• _Task statement_: Restate exactly the lines that run from the start of the records below to the line containing "0 0 0 0 0]'", counting both ends, and nothing else; pictures stay out.

Data records
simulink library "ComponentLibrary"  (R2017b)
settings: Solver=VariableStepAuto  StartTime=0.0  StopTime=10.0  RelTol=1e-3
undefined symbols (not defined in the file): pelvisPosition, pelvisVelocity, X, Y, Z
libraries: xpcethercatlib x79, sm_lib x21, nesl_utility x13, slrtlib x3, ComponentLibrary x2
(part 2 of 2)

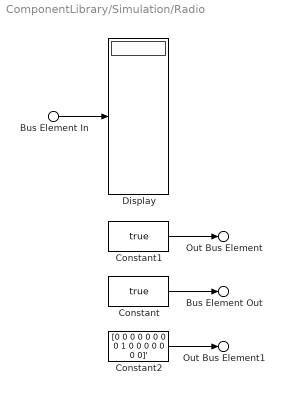
== system ComponentLibrary/Simulation/Radio ==
  Bus Element In : Inport  PortName=InBus  Element=channel
  Constant : Constant  Value=true  OutDataTypeStr=boolean
  Constant1 : Constant  Value=true  OutDataTypeStr=boolean
  Constant2 : Constant  Value=[0 0 0 0 0 0 0 0 1 0 0 0 0 0 0 0]'
  Display : Display
  Out Bus Element : Outport  PortName=OutBus  Element=radioReceiverSignalGood
  Bus Element Out : Outport  PortName=OutBus  Element=receiverMedullaSignalGood
  Out Bus Element1 : Outport  PortName=OutBus  Element=channel
  wires:
  Constant1/1 -> Out Bus Element/1
  Constant2/1 -> Out Bus Element1/1
  Constant/1 -> Bus Element Out/1
  Bus Element In/1 -> Display/1

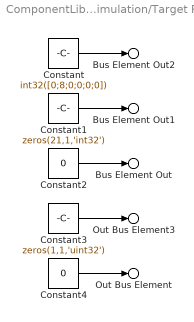
== system ComponentLibrary/Simulation/Target PC ==
  Constant : Constant  Value=int32([0;8;0;0;0;0])
  Constant1 : Constant  Value=zeros(21,1,'int32')
  Constant2 : Constant  Value=0
  Constant3 : Constant  Value=zeros(1,1,'uint32')
  Constant4 : Constant  Value=0
  Bus Element Out2 : Outport  PortName=OutBus  Element=etherCatStatus
  Bus Element Out1 : Outport  PortName=OutBus  Element=etherCatNotifications
  Bus Element Out : Outport  PortName=OutBus  Element=taskExecutionTime
  Out Bus Element3 : Outport  PortName=OutBus  Element=overloadCounter
  Out Bus Element : Outport  PortName=OutBus  Element=cpuTemperature
  wires:
  Constant/1 -> Bus Element Out2/1
  Constant1/1 -> Bus Element Out1/1
  Constant2/1 -> Bus Element Out/1
  Constant4/1 -> Out Bus Element/1
  Constant3/1 -> Out Bus Element3/1

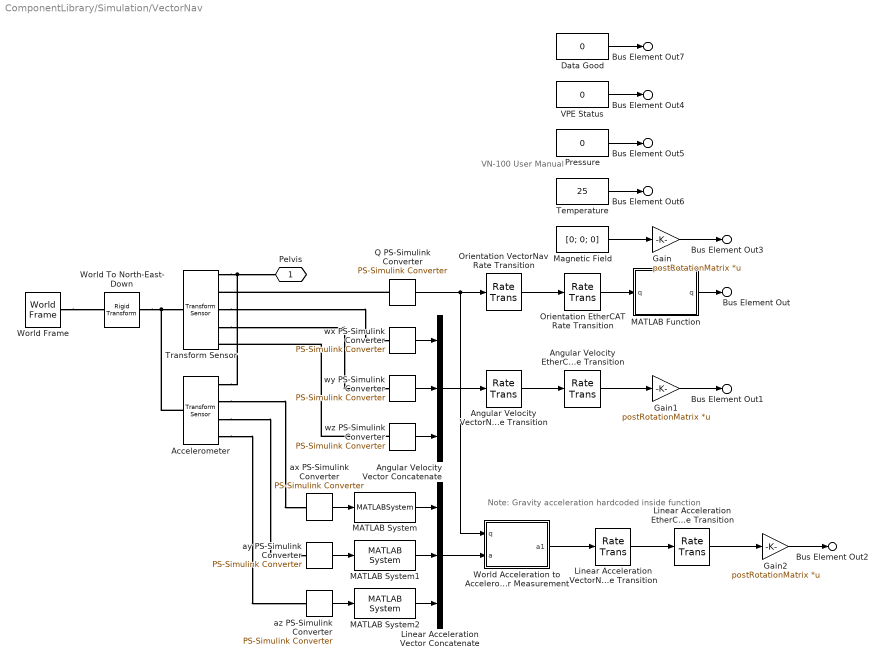
== system ComponentLibrary/Simulation/VectorNav ==
  note: Note: Gravity acceleration hardcoded inside function
  note: VN-100 User Manual
  Accelerometer : sm_lib/Frames and Transforms/Transform Sensor  MeasurementFrame=Base  SenseAngle=off  SenseAxis=off  SenseAngle1=off  SenseAngle2=off  SenseAngle3=off  SenseQ=off  SenseR=off  SenseOmegaX=off  SenseOmegaY=off  SenseOmegaZ=off  SenseOmega1=off  SenseOmega2=off  SenseOmega3=off  SenseQDot=off  SenseRDot=off  SenseAlphaX=off  SenseAlphaY=off  SenseAlphaZ=off  SenseAlpha1=off  SenseAlpha2=off  SenseAlpha3=off  SenseQDDot=off  SenseRDDot=off  SenseX=off  SenseY=off  SenseZ=off  SenseRad=off  SenseAzim=off  SenseDist=off  SenseInc=off  SenseXDot=off  SenseYDot=off  SenseZDot=off  SenseRadDot=off  SenseAzimDot=off  SenseDistDot=off  SenseIncDot=off  SenseXDDot=on  SenseYDDot=on  SenseZDDot=on  SenseRadDDot=off  SenseAzimDDot=off  SenseDistDDot=off  SenseIncDDot=off
  Angular Velocity EtherCAT Rate Transition : RateTransition  Deterministic=off  OutPortSampleTimeOpt=Inherit
  Angular Velocity Vector Concatenate : Concatenate  NumInputs=3
  Angular Velocity VectorNav Rate Transition : RateTransition  Deterministic=off  OutPortSampleTime=VectorNavModule.sampleTime
  Data Good : Constant  Value=0  OutDataTypeStr=boolean
  Gain : Gain  Gain=postRotationMatrix  Multiplication=Matrix(K*u)
  Gain1 : Gain  Gain=postRotationMatrix  Multiplication=Matrix(K*u)
  Gain2 : Gain  Gain=postRotationMatrix  Multiplication=Matrix(K*u)
  Linear Acceleration EtherCAT Rate Transition : RateTransition  Deterministic=off  InitialCondition=[0; 0; 0]  OutPortSampleTimeOpt=Inherit
  Linear Acceleration Vector Concatenate : Concatenate  NumInputs=3
  Linear Acceleration VectorNav Rate Transition : RateTransition  Deterministic=off  InitialCondition=[0; 0; 0]  OutPortSampleTime=VectorNavModule.sampleTime
  MATLAB Function : MATLAB Function  TreatAsAtomicUnit=on
  MATLAB System : MATLABSystem  System=FilterSystem  a=[1 -0.8]  b=0.2  SimulateUsing=Code generation
      mask Type: FilterSystem
      mask Display: disp('Filter');
  MATLAB System1 : ComponentLibrary/Simulation/VectorNav/MATLAB System  a=[1 -0.8]  b=0.2  SimulateUsing=Code generation
  MATLAB System2 : ComponentLibrary/Simulation/VectorNav/MATLAB System  a=[1 -0.8]  b=0.2  SimulateUsing=Code generation
  Magnetic Field : Constant  Value=[0; 0; 0]
  Orientation EtherCAT Rate Transition : RateTransition  Deterministic=off  InitialCondition=[0; 0; 0; 1]  OutPortSampleTimeOpt=Inherit
  Orientation VectorNav Rate Transition : RateTransition  Deterministic=off  InitialCondition=[0; 0; 0; 1]  OutPortSampleTime=VectorNavModule.sampleTime
  Pressure : Constant  Value=0
  Q PS-Simulink Converter : nesl_utility/PS-Simulink Converter  PhysicalDomain=network_engine_domain  SubClassName=ps_output  LeftPortType=input  RightPortType=output  PseudoPeriodic=off  Frequencies=[]  Unit=1  AffineConversion=off
  Temperature : Constant  Value=25
  Transform Sensor : sm_lib/Frames and Transforms/Transform Sensor  MeasurementFrame=Follower  SenseAngle=off  SenseAxis=off  SenseAngle1=off  SenseAngle2=off  SenseAngle3=off  SenseQ=on  SenseR=off  SenseOmegaX=on  SenseOmegaY=on  SenseOmegaZ=on  SenseOmega1=off  SenseOmega2=off  SenseOmega3=off  SenseQDot=off  SenseRDot=off  SenseAlphaX=off  SenseAlphaY=off  SenseAlphaZ=off  SenseAlpha1=off  SenseAlpha2=off  SenseAlpha3=off  SenseQDDot=off  SenseRDDot=off  SenseX=off  SenseY=off  SenseZ=off  SenseRad=off  SenseAzim=off  SenseDist=off  SenseInc=off  SenseXDot=off  SenseYDot=off  SenseZDot=off  SenseRadDot=off  SenseAzimDot=off  SenseDistDot=off  SenseIncDot=off  SenseXDDot=off  SenseYDDot=off  SenseZDDot=off  SenseRadDDot=off  SenseAzimDDot=off  SenseDistDDot=off  SenseIncDDot=off
  VPE Status : Constant  Value=0  OutDataTypeStr=uint16
  World Acceleration to Accelerometer Measurement : MATLAB Function  TreatAsAtomicUnit=on
  World Frame : sm_lib/Frames and Transforms/World Frame
  World To North-East-Down : sm_lib/Frames and Transforms/Rigid Transform  TranslationMethod=None  TranslationStandardOffset=0  TranslationLengthUnit=m  TranslationStandardAxis=+Z  TranslationCartesianOffset=[0 0 0]  TranslationROffset=0  TranslationROffsetUnits=m  TranslationZOffset=0  TranslationZOffsetUnits=m  TranslationThetaOffset=0  TranslationThetaOffsetUnits=deg  RotationMethod=StandardAxis  RotationAngleUnits=deg  RotationStandardAxis=+X  RotationAngle=180  RotationArbitraryAxis=[0 0 1]  FollAlignAxisA=+X  BaseAlignAxisA=+Y  FollAlignAxisB=+Y  BaseAlignAxisB=+Z  RotationSequenceAxes=FollowerAxes  RotationSequence=XYX  RotationSequenceAngles=[0 0 0]  RotationSequenceAnglesUnits=deg  RotationMatrix=[1 0 0; 0 1 0; 0 0 1]
  ax PS-Simulink Converter : nesl_utility/PS-Simulink Converter  PhysicalDomain=network_engine_domain  SubClassName=ps_output  LeftPortType=input  RightPortType=output  PseudoPeriodic=off  Frequencies=[]  Unit=m/s/s  AffineConversion=off
  ay PS-Simulink Converter : nesl_utility/PS-Simulink Converter  PhysicalDomain=network_engine_domain  SubClassName=ps_output  LeftPortType=input  RightPortType=output  PseudoPeriodic=off  Frequencies=[]  Unit=m/s/s  AffineConversion=off
  az PS-Simulink Converter : nesl_utility/PS-Simulink Converter  PhysicalDomain=network_engine_domain  SubClassName=ps_output  LeftPortType=input  RightPortType=output  PseudoPeriodic=off  Frequencies=[]  Unit=m/s/s  AffineConversion=off
  wx PS-Simulink Converter : nesl_utility/PS-Simulink Converter  PhysicalDomain=network_engine_domain  SubClassName=ps_output  LeftPortType=input  RightPortType=output  PseudoPeriodic=off  Frequencies=[]  Unit=1  AffineConversion=off
  wy PS-Simulink Converter : nesl_utility/PS-Simulink Converter  PhysicalDomain=network_engine_domain  SubClassName=ps_output  LeftPortType=input  RightPortType=output  PseudoPeriodic=off  Frequencies=[]  Unit=1  AffineConversion=off
  wz PS-Simulink Converter : nesl_utility/PS-Simulink Converter  PhysicalDomain=network_engine_domain  SubClassName=ps_output  LeftPortType=input  RightPortType=output  PseudoPeriodic=off  Frequencies=[]  Unit=1  AffineConversion=off
  Pelvis : PMIOPort  Port=1  Side=Left
  Bus Element Out7 : Outport  PortName=OutBus  Element=dataGood
  Bus Element Out4 : Outport  PortName=OutBus  Element=vpeStatus
  Bus Element Out5 : Outport  PortName=OutBus  Element=pressure
  Bus Element Out6 : Outport  PortName=OutBus  Element=temperature
  Bus Element Out3 : Outport  PortName=OutBus  Element=magneticField
  Bus Element Out1 : Outport  PortName=OutBus  Element=angularVelocity
  Bus Element Out2 : Outport  PortName=OutBus  Element=linearAcceleration
  Bus Element Out : Outport  PortName=OutBus  Element=orientation
  wires:
  Angular Velocity VectorNav Rate Transition/1 -> Angular Velocity EtherCAT Rate Transition/1
  wz PS-Simulink Converter/1 -> Angular Velocity Vector Concatenate/3
  az PS-Simulink Converter/1 -> MATLAB System2/1
  wx PS-Simulink Converter/1 -> Angular Velocity Vector Concatenate/1
  ax PS-Simulink Converter/1 -> MATLAB System/1
  VPE Status/1 -> Bus Element Out4/1
  Orientation EtherCAT Rate Transition/1 -> MATLAB Function/1("q ")
  Q PS-Simulink Converter/1 -> World Acceleration to Accelerometer Measurement/1(q), Orientation VectorNav Rate Transition/1
  Temperature/1 -> Bus Element Out6/1
  wy PS-Simulink Converter/1 -> Angular Velocity Vector Concatenate/2
  Angular Velocity EtherCAT Rate Transition/1 -> Gain1/1
  Orientation VectorNav Rate Transition/1 -> Orientation EtherCAT Rate Transition/1
  Linear Acceleration EtherCAT Rate Transition/1 -> Gain2/1
  Linear Acceleration VectorNav Rate Transition/1 -> Linear Acceleration EtherCAT Rate Transition/1
  Data Good/1 -> Bus Element Out7/1
  ay PS-Simulink Converter/1 -> MATLAB System1/1
  Magnetic Field/1 -> Gain/1
  Angular Velocity Vector Concatenate/1 -> Angular Velocity VectorNav Rate Transition/1
  Pressure/1 -> Bus Element Out5/1
  Gain/1 -> Bus Element Out3/1
  Gain1/1 -> Bus Element Out1/1
  MATLAB Function/1(q) -> Bus Element Out/1
  MATLAB System/1 -> Linear Acceleration Vector Concatenate/1
  MATLAB System1/1 -> Linear Acceleration Vector Concatenate/2
  MATLAB System2/1 -> Linear Acceleration Vector Concatenate/3
  Gain2/1 -> Bus Element Out2/1
  World Acceleration to Accelerometer Measurement/1(a1) -> Linear Acceleration VectorNav Rate Transition/1
  Linear Acceleration Vector Concatenate/1 -> World Acceleration to Accelerometer Measurement/2(a)
  connections:
  Transform Sensor/RConn4 -- wy PS-Simulink Converter/LConn1
  World To North-East-Down/RConn1 -- Accelerometer/LConn1 -- Transform Sensor/LConn1
  Accelerometer/RConn3 -- ay PS-Simulink Converter/LConn1
  World Frame/RConn1 -- World To North-East-Down/LConn1
  Q PS-Simulink Converter/LConn1 -- Transform Sensor/RConn2
  Accelerometer/RConn2 -- ax PS-Simulink Converter/LConn1
  Transform Sensor/RConn1 -- Pelvis/RConn1 -- Accelerometer/RConn1
  Accelerometer/RConn4 -- az PS-Simulink Converter/LConn1
  Transform Sensor/RConn3 -- wx PS-Simulink Converter/LConn1
  wz PS-Simulink Converter/LConn1 -- Transform Sensor/RConn5

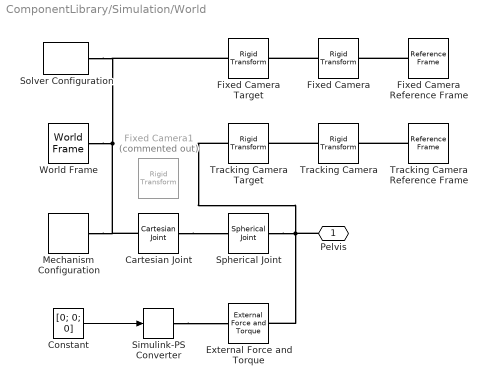
== system ComponentLibrary/Simulation/World ==
  Cartesian Joint : sm_lib/Joints/Cartesian Joint  SenseConstraintForce=off  SenseConstraintForceX=off  SenseConstraintForceY=off  SenseConstraintForceZ=off  SenseConstraintTorque=off  SenseConstraintTorqueX=off  SenseConstraintTorqueY=off  SenseConstraintTorqueZ=off  SenseTotalForce=off  SenseTotalForceX=off  SenseTotalForceY=off  SenseTotalForceZ=off  SenseTotalTorque=off  SenseTotalTorqueX=off  SenseTotalTorqueY=off  SenseTotalTorqueZ=off  CompositeWrenchDir=FollowerOnBase  CompositeWrenchFrame=BaseFrame  PxEquilibriumPosition=0  PxEquilibriumPositionUnits=m  PxSpringStiffness=0  PxSpringStiffnessUnits=N/m  PxDampingCoefficient=0  PxDampingCoefficientUnits=N/(m/s)  PxTorqueActuationMode=NoTorque  PxMotionActuationMode=ComputedMotion  PxSensePosition=off  PxSenseVelocity=off  PxSenseAcceleration=off  PxSenseTorqueForce=off  PxPositionTargetSpecify=on  PxPositionTargetPriority=High  PxPositionTargetValue=pelvisPosition(1)  PxPositionTargetValueUnits=m  PxVelocityTargetSpecify=on  PxVelocityTargetPriority=High  PxVelocityTargetValue=pelvisVelocity(1)  PxVelocityTargetValueUnits=m/s  PyEquilibriumPosition=0  PyEquilibriumPositionUnits=m  PySpringStiffness=0  PySpringStiffnessUnits=N/m  PyDampingCoefficient=0  PyDampingCoefficientUnits=N/(m/s)  PyTorqueActuationMode=NoTorque  PyMotionActuationMode=ComputedMotion  PySensePosition=off  PySenseVelocity=off  PySenseAcceleration=off  PySenseTorqueForce=off  PyPositionTargetSpecify=on  PyPositionTargetPriority=High  PyPositionTargetValue=pelvisPosition(2)  PyPositionTargetValueUnits=m  PyVelocityTargetSpecify=on  PyVelocityTargetPriority=High  PyVelocityTargetValue=pelvisVelocity(2)  PyVelocityTargetValueUnits=m/s  PzEquilibriumPosition=pelvisPosition(3)  PzEquilibriumPositionUnits=m  PzSpringStiffness=5000  PzSpringStiffnessUnits=N/m  PzDampingCoefficient=500  PzDampingCoefficientUnits=N/(m/s)  PzTorqueActuationMode=NoTorque  PzMotionActuationMode=ComputedMotion  PzSensePosition=off  PzSenseVelocity=off  PzSenseAcceleration=off  PzSenseTorqueForce=off  PzPositionTargetSpecify=on  PzPositionTargetPriority=High  PzPositionTargetValue=pelvisPosition(3)  PzPositionTargetValueUnits=m  PzVelocityTargetSpecify=on  PzVelocityTargetPriority=High  PzVelocityTargetValue=pelvisVelocity(3)  PzVelocityTargetValueUnits=m/s
  Constant : Constant  Value=[0; 0; 0]
  External Force and Torque : sm_lib/Forces and Torques/External Force and Torque  ForceResolutionFrame=World  EnableForceX=off  EnableForceY=off  EnableForceZ=off  EnableForce=on  TorqueResolutionFrame=AttachedFrame  EnableTorqueX=off  EnableTorqueY=off  EnableTorqueZ=off  EnableTorque=off
  Fixed Camera : sm_lib/Frames and Transforms/Rigid Transform  TranslationMethod=Cartesian  TranslationStandardOffset=0  TranslationLengthUnit=m  TranslationStandardAxis=+Z  TranslationCartesianOffset=[1.5 -1.5 0.5]  TranslationROffset=0  TranslationROffsetUnits=m  TranslationZOffset=0  TranslationZOffsetUnits=m  TranslationThetaOffset=0  TranslationThetaOffsetUnits=deg  RotationMethod=None  RotationAngleUnits=deg  RotationStandardAxis=+Z  RotationAngle=0.0  RotationArbitraryAxis=[0 0 1]  FollAlignAxisA=+X  BaseAlignAxisA=+Y  FollAlignAxisB=+Y  BaseAlignAxisB=+Z  RotationSequenceAxes=FollowerAxes  RotationSequence=XYX  RotationSequenceAngles=[0 0 0]  RotationSequenceAnglesUnits=deg  RotationMatrix=[1 0 0; 0 1 0; 0 0 1]
  Fixed Camera1 : sm_lib/Frames and Transforms/Rigid Transform  Commented=on  TranslationMethod=Cartesian  TranslationStandardOffset=0  TranslationLengthUnit=m  TranslationStandardAxis=+Z  TranslationCartesianOffset=[pelvisPosition(1),pelvisPosition(2),pelvisPosition(3)]  TranslationROffset=0  TranslationROffsetUnits=m  TranslationZOffset=0  TranslationZOffsetUnits=m  TranslationThetaOffset=0  TranslationThetaOffsetUnits=deg  RotationMethod=None  RotationAngleUnits=deg  RotationStandardAxis=+Z  RotationAngle=0.0  RotationArbitraryAxis=[0 0 1]  FollAlignAxisA=+X  BaseAlignAxisA=+Y  FollAlignAxisB=+Y  BaseAlignAxisB=+Z  RotationSequenceAxes=FollowerAxes  RotationSequence=XYX  RotationSequenceAngles=[0 0 0]  RotationSequenceAnglesUnits=deg  RotationMatrix=[1 0 0; 0 1 0; 0 0 1]
  Fixed Camera Target : sm_lib/Frames and Transforms/Rigid Transform  TranslationMethod=Cartesian  TranslationStandardOffset=0  TranslationLengthUnit=m  TranslationStandardAxis=+Z  TranslationCartesianOffset=[0 0 0.5]  TranslationROffset=0  TranslationROffsetUnits=m  TranslationZOffset=0  TranslationZOffsetUnits=m  TranslationThetaOffset=0  TranslationThetaOffsetUnits=deg  RotationMethod=None  RotationAngleUnits=deg  RotationStandardAxis=+Z  RotationAngle=0.0  RotationArbitraryAxis=[0 0 1]  FollAlignAxisA=+X  BaseAlignAxisA=+Y  FollAlignAxisB=+Y  BaseAlignAxisB=+Z  RotationSequenceAxes=FollowerAxes  RotationSequence=XYX  RotationSequenceAngles=[0 0 0]  RotationSequenceAnglesUnits=deg  RotationMatrix=[1 0 0; 0 1 0; 0 0 1]
  Fixed Camera Reference Frame : sm_lib/Frames and Transforms/Reference Frame
  Mechanism Configuration : sm_lib/Utilities/Mechanism Configuration  UniformGravity=Constant  GravityVector=[0 0 -9.80665]  GravityUnits=m/s^2  LinearizationDelta=0.001
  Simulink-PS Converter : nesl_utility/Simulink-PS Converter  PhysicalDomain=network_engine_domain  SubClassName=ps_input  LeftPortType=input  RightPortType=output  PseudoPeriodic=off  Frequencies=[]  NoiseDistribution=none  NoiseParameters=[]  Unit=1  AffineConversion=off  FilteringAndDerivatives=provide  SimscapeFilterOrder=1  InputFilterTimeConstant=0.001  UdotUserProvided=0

• _Output of the exercise_:
simulink library "ComponentLibrary"  (R2017b)
settings: Solver=VariableStepAuto  StartTime=0.0  StopTime=10.0  RelTol=1e-3
undefined symbols (not defined in the file): pelvisPosition, pelvisVelocity, X, Y, Z
libraries: xpcethercatlib x79, sm_lib x21, nesl_utility x13, slrtlib x3, ComponentLibrary x2
(part 2 of 2)

== system ComponentLibrary/Simulation/Radio ==
  Bus Element In : Inport  PortName=InBus  Element=channel
  Constant : Constant  Value=true  OutDataTypeStr=boolean
  Constant1 : Constant  Value=true  OutDataTypeStr=boolean
  Constant2 : Constant  Value=[0 0 0 0 0 0 0 0 1 0 0 0 0 0 0 0]'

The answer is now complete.